Write out the stretch of lines below that begins at the line with "-Text HLabel 7850 4300" and ends at the line with "6250 2500 6300 2500", including both, exactly as given and nothing more.

- **Data listing**:
# # # # # # #
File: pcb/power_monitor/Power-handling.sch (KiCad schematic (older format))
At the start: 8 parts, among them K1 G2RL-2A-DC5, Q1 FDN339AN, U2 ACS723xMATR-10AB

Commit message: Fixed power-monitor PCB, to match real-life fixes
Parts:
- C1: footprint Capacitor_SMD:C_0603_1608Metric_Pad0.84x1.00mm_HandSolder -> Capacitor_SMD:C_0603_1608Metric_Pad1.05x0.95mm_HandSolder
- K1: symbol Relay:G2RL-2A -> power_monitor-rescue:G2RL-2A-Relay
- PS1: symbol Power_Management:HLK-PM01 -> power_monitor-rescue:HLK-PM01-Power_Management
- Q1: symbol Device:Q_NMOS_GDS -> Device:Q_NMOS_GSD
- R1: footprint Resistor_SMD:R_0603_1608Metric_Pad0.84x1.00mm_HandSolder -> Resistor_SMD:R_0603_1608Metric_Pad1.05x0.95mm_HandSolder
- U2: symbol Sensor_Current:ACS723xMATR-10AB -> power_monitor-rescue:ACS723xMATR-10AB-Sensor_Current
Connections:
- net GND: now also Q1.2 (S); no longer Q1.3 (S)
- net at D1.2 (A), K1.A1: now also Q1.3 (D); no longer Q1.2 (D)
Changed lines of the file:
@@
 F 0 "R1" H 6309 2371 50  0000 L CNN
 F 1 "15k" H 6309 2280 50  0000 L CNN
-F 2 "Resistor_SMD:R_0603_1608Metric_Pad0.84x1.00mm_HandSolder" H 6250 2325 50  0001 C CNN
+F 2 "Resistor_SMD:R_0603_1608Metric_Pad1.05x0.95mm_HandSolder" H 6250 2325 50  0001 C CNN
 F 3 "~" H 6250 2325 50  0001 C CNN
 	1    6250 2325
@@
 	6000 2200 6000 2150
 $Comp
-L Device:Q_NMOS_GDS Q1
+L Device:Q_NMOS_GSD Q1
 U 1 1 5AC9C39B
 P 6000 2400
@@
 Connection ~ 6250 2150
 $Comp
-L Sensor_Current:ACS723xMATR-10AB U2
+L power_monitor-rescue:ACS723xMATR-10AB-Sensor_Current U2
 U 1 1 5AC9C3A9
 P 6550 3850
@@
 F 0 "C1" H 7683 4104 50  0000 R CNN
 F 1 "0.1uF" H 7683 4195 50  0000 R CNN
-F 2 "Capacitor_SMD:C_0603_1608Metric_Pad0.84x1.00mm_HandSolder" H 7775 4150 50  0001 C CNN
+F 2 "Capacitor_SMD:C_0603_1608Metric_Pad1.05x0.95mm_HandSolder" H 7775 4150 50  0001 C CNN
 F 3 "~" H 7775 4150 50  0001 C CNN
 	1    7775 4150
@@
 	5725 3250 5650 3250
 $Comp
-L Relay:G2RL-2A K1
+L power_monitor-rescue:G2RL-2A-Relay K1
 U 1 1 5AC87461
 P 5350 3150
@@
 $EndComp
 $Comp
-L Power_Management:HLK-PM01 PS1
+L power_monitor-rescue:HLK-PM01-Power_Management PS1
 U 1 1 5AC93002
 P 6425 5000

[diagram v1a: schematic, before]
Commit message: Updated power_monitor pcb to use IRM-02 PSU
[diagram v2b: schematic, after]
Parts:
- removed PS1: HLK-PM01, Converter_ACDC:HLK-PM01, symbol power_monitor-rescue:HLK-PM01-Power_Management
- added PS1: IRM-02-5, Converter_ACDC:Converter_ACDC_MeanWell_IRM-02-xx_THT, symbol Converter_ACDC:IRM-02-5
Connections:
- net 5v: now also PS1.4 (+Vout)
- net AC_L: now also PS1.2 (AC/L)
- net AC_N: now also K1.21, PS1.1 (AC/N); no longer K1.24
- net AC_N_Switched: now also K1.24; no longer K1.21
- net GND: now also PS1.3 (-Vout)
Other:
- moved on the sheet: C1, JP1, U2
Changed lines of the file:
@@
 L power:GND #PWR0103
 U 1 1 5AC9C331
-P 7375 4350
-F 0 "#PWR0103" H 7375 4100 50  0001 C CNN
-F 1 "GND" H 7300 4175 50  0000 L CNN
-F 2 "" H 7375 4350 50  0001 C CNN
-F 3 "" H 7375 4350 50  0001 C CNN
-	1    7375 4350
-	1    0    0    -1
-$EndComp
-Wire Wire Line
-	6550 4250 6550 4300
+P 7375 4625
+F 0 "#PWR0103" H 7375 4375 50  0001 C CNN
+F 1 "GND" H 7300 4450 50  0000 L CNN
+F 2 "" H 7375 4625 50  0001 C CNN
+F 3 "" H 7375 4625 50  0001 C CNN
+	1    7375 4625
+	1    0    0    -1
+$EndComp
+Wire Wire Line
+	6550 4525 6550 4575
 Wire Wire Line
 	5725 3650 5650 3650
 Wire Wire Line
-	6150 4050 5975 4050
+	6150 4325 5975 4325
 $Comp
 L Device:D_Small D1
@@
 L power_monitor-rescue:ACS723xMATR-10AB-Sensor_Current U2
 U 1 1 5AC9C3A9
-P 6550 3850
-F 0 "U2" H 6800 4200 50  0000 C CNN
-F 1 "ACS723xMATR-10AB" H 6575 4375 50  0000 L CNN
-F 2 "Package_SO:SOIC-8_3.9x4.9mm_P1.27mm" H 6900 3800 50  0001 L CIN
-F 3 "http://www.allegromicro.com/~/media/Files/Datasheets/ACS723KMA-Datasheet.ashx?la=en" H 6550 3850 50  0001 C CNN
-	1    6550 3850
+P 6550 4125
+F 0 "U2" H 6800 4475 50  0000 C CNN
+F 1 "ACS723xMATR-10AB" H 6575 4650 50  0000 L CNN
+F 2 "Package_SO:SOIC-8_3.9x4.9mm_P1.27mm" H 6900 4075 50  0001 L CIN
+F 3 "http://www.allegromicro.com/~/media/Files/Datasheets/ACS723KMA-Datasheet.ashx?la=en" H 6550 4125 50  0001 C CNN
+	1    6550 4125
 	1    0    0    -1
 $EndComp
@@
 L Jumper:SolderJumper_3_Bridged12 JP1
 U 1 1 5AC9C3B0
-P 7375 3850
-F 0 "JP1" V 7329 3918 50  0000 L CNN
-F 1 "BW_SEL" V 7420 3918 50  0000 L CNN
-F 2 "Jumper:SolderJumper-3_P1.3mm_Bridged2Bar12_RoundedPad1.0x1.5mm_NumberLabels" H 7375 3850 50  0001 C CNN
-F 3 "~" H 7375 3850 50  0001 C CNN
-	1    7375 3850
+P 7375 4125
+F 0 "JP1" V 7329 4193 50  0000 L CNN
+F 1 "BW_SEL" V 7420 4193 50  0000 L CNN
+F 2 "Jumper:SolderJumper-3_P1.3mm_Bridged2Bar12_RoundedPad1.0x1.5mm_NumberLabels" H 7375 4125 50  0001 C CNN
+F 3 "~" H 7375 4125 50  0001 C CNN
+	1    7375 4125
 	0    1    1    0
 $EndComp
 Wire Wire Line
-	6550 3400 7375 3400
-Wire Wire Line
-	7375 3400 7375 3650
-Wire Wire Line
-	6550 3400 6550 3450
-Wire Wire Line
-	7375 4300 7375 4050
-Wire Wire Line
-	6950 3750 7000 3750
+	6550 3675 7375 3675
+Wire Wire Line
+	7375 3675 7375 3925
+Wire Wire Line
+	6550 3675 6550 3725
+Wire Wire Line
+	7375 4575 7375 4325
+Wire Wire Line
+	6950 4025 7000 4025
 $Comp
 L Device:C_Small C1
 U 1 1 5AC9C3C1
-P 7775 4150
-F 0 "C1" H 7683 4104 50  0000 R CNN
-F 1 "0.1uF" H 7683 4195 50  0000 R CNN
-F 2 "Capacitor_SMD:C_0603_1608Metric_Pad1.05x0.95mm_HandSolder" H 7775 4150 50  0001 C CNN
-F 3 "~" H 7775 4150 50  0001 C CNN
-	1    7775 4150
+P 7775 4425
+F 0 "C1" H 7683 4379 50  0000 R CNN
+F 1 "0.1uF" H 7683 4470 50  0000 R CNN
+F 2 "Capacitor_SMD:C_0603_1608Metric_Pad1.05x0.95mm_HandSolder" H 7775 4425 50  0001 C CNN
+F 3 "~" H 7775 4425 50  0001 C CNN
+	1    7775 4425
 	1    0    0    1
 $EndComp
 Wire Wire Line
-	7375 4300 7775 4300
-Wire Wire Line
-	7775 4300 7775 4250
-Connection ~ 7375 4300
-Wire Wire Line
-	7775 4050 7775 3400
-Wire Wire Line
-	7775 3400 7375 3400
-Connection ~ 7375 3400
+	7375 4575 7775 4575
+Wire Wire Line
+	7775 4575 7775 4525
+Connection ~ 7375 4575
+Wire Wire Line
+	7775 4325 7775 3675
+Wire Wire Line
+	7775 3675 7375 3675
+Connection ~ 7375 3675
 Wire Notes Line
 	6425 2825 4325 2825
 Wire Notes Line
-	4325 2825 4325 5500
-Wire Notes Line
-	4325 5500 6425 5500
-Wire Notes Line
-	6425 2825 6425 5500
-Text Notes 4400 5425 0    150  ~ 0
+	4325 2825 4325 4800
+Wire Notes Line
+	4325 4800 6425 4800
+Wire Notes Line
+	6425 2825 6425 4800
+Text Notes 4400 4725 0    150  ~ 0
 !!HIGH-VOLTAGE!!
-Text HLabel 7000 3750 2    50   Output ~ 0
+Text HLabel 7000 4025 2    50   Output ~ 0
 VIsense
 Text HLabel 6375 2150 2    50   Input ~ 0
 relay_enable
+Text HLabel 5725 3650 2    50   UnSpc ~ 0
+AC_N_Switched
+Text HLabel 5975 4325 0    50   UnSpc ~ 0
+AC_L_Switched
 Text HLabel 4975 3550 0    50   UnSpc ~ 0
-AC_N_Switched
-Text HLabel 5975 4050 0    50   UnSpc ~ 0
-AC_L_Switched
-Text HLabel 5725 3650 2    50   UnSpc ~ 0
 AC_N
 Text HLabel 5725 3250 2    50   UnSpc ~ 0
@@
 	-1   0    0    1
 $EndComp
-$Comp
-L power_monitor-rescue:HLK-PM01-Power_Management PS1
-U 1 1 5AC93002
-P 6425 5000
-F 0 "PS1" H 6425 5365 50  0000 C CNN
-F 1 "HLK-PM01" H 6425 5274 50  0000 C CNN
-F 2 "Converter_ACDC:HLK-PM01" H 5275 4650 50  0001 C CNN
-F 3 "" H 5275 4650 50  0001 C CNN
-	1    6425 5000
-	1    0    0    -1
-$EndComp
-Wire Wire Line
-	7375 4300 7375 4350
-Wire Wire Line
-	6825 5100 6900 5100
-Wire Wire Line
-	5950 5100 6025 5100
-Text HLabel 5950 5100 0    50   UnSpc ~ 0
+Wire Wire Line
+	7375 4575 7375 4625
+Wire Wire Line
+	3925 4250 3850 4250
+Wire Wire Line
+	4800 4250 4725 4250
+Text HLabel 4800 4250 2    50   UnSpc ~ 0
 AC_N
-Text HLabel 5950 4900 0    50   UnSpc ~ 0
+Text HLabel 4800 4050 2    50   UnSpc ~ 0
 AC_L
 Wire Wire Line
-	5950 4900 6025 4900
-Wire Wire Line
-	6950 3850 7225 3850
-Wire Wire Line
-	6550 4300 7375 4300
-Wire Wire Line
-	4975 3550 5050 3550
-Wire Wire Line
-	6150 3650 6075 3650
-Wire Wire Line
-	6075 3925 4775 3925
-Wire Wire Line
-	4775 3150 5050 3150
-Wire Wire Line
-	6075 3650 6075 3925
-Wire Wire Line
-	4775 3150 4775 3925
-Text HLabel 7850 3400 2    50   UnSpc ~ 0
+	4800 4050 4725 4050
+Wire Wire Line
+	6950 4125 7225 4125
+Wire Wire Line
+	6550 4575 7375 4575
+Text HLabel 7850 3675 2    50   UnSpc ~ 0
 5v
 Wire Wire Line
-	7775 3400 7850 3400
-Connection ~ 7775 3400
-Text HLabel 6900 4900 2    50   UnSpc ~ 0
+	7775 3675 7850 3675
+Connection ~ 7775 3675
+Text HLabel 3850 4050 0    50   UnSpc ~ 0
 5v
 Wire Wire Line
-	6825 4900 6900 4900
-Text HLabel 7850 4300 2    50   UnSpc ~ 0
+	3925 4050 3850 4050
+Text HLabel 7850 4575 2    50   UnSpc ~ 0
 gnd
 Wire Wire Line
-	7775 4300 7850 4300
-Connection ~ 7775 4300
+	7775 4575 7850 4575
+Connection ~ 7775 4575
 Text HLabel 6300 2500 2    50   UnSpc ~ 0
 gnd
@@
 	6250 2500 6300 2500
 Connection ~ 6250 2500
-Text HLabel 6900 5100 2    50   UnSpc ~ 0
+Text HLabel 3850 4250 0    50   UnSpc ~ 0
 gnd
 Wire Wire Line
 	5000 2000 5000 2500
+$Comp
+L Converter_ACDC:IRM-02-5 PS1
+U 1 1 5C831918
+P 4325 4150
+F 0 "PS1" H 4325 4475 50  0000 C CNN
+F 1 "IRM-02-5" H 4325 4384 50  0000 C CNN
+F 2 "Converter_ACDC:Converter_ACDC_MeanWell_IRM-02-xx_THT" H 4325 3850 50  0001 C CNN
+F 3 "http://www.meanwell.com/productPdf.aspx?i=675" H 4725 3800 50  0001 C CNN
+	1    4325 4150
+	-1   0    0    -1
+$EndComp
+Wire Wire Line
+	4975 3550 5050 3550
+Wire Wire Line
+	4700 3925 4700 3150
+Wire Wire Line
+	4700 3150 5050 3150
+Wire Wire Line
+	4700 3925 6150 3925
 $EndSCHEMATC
# # # # # # #
- **Solution below**:
-Text HLabel 7850 4300 2    50   UnSpc ~ 0
+	3925 4050 3850 4050
+Text HLabel 7850 4575 2    50   UnSpc ~ 0
 gnd
 Wire Wire Line
-	7775 4300 7850 4300
-Connection ~ 7775 4300
+	7775 4575 7850 4575
+Connection ~ 7775 4575
 Text HLabel 6300 2500 2    50   UnSpc ~ 0
 gnd
@@
 	6250 2500 6300 2500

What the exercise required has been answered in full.